* _TASK PROMPT_
Set down exactly each line of the entries below, beginning at the one that contains "#126=AXIS2_PLACEMENT_3D('',#123,#124,#125);" and ending at the last, and no others.

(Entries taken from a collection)
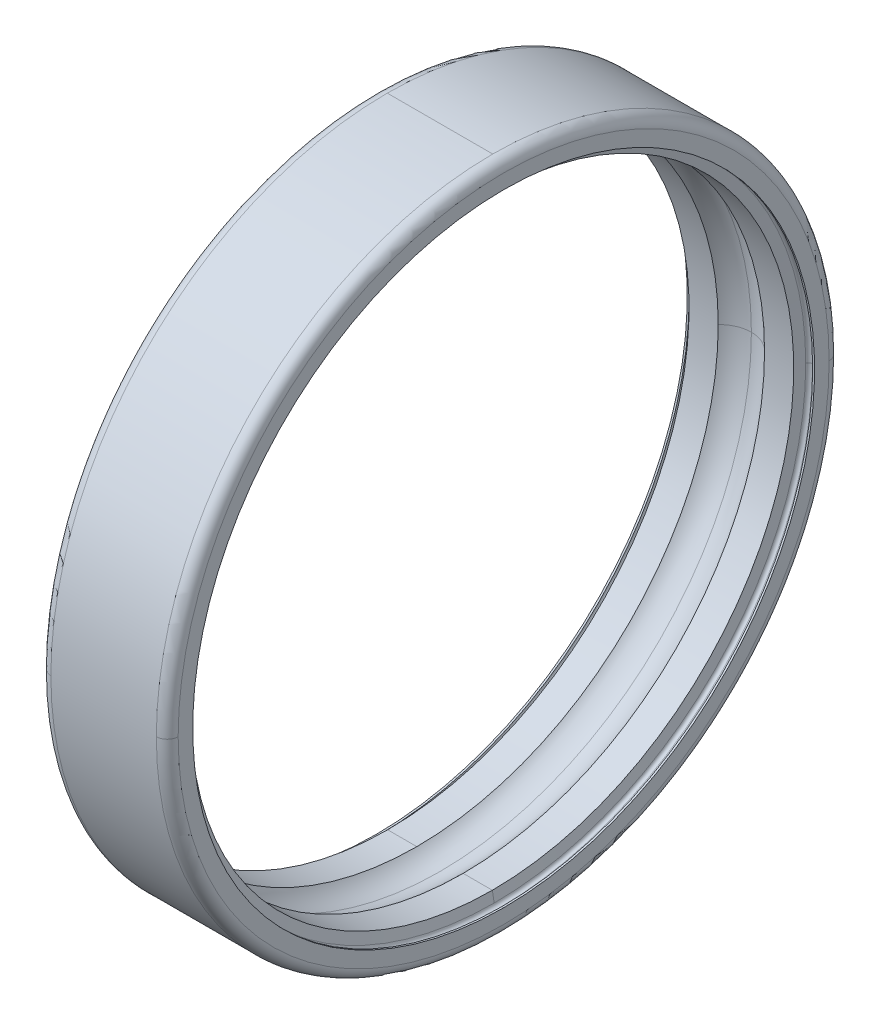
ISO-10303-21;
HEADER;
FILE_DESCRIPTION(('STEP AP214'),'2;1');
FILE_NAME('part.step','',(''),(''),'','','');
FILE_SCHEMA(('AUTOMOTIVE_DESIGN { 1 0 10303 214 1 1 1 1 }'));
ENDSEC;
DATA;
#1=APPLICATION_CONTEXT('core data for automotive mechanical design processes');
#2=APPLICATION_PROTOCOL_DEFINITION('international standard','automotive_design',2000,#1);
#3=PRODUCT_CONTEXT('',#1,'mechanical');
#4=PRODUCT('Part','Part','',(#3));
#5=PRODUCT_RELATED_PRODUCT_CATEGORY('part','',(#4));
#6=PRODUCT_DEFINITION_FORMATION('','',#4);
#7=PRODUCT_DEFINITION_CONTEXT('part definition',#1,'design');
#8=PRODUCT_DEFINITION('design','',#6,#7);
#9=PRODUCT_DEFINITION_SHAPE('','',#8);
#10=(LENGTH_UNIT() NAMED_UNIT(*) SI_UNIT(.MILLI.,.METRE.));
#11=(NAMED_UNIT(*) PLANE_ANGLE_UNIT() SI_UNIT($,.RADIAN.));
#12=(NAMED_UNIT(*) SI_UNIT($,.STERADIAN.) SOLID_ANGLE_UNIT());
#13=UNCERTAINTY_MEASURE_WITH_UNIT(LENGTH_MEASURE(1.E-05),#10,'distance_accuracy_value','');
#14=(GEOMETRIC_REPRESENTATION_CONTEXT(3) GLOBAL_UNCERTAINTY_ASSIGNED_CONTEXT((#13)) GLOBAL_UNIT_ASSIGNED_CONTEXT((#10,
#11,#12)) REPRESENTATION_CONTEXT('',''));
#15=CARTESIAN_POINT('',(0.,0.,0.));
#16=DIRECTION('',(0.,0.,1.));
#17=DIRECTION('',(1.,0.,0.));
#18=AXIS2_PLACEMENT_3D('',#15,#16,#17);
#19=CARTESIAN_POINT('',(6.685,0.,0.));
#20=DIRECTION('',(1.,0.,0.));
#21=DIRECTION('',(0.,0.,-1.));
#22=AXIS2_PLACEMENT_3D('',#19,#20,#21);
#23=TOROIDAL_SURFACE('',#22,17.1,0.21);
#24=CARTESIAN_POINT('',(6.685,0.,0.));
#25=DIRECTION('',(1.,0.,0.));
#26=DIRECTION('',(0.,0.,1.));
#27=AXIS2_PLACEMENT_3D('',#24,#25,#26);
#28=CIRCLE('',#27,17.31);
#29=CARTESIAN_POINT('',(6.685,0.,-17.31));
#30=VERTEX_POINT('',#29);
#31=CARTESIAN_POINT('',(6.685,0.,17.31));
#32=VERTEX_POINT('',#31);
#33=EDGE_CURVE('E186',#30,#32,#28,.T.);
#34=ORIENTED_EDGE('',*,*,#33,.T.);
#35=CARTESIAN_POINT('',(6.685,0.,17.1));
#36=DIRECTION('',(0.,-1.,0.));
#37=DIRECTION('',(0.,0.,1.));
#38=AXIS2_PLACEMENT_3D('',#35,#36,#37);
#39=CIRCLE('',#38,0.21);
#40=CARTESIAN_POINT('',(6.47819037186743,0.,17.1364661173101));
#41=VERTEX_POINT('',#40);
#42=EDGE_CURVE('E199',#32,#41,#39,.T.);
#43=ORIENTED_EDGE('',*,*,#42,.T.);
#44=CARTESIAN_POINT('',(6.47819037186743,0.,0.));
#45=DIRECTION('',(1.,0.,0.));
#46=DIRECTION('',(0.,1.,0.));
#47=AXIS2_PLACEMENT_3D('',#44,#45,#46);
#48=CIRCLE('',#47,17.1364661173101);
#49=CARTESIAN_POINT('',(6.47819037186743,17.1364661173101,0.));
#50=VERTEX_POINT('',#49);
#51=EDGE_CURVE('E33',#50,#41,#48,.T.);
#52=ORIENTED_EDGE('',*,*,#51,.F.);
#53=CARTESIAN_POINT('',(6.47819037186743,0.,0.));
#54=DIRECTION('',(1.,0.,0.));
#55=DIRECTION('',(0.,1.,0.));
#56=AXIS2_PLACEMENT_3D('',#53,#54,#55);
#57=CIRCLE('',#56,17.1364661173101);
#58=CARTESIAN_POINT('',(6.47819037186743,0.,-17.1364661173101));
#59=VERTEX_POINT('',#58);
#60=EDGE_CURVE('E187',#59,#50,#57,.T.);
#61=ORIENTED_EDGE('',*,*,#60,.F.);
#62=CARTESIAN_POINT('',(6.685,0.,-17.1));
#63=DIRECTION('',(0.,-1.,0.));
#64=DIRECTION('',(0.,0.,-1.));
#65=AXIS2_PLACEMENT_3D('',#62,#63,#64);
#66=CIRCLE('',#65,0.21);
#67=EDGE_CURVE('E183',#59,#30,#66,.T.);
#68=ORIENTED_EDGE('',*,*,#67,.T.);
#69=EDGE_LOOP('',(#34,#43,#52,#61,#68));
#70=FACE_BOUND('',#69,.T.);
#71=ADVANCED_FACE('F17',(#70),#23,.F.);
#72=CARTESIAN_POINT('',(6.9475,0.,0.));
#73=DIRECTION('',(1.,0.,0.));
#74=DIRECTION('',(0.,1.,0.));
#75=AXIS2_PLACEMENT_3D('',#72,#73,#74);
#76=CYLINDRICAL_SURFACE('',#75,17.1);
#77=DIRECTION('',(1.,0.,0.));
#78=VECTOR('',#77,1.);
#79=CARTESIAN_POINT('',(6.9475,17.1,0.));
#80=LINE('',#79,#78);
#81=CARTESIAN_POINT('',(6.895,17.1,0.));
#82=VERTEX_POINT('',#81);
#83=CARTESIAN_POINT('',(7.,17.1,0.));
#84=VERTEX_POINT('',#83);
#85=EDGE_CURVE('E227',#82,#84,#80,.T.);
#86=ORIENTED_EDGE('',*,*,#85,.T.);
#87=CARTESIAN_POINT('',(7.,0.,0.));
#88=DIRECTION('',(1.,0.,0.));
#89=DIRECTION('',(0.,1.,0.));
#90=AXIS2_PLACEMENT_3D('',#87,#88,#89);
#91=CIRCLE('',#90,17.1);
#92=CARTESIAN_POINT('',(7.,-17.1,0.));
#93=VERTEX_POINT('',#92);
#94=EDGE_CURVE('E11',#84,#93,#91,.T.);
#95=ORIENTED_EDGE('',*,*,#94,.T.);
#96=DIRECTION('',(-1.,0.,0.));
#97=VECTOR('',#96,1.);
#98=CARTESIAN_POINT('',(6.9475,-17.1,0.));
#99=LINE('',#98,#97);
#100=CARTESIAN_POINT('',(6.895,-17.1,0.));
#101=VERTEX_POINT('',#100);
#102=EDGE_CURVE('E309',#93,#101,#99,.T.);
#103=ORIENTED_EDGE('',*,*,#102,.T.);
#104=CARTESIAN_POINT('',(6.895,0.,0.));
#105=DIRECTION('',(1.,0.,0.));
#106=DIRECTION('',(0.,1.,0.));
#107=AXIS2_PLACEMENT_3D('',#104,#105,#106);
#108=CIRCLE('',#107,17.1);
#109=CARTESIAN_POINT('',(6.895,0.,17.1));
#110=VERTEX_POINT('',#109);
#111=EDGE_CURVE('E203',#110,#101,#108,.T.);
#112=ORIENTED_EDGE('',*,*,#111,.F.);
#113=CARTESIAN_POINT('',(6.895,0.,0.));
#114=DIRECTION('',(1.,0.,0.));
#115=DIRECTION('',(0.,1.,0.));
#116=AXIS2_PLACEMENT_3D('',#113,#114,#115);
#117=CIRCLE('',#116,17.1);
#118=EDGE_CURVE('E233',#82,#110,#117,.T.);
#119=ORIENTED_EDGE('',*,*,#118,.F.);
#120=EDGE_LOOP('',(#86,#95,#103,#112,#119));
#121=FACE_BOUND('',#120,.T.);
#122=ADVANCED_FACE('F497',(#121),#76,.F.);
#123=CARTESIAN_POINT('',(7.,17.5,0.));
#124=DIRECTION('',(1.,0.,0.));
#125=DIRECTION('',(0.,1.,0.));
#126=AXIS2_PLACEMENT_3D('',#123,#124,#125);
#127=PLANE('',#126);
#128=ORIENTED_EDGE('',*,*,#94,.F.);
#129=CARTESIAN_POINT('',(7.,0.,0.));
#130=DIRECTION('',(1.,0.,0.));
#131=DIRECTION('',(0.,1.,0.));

* _RESULT OF THE TASK_
#126=AXIS2_PLACEMENT_3D('',#123,#124,#125);
#127=PLANE('',#126);
#128=ORIENTED_EDGE('',*,*,#94,.F.);
#129=CARTESIAN_POINT('',(7.,0.,0.));
#130=DIRECTION('',(1.,0.,0.));
#131=DIRECTION('',(0.,1.,0.));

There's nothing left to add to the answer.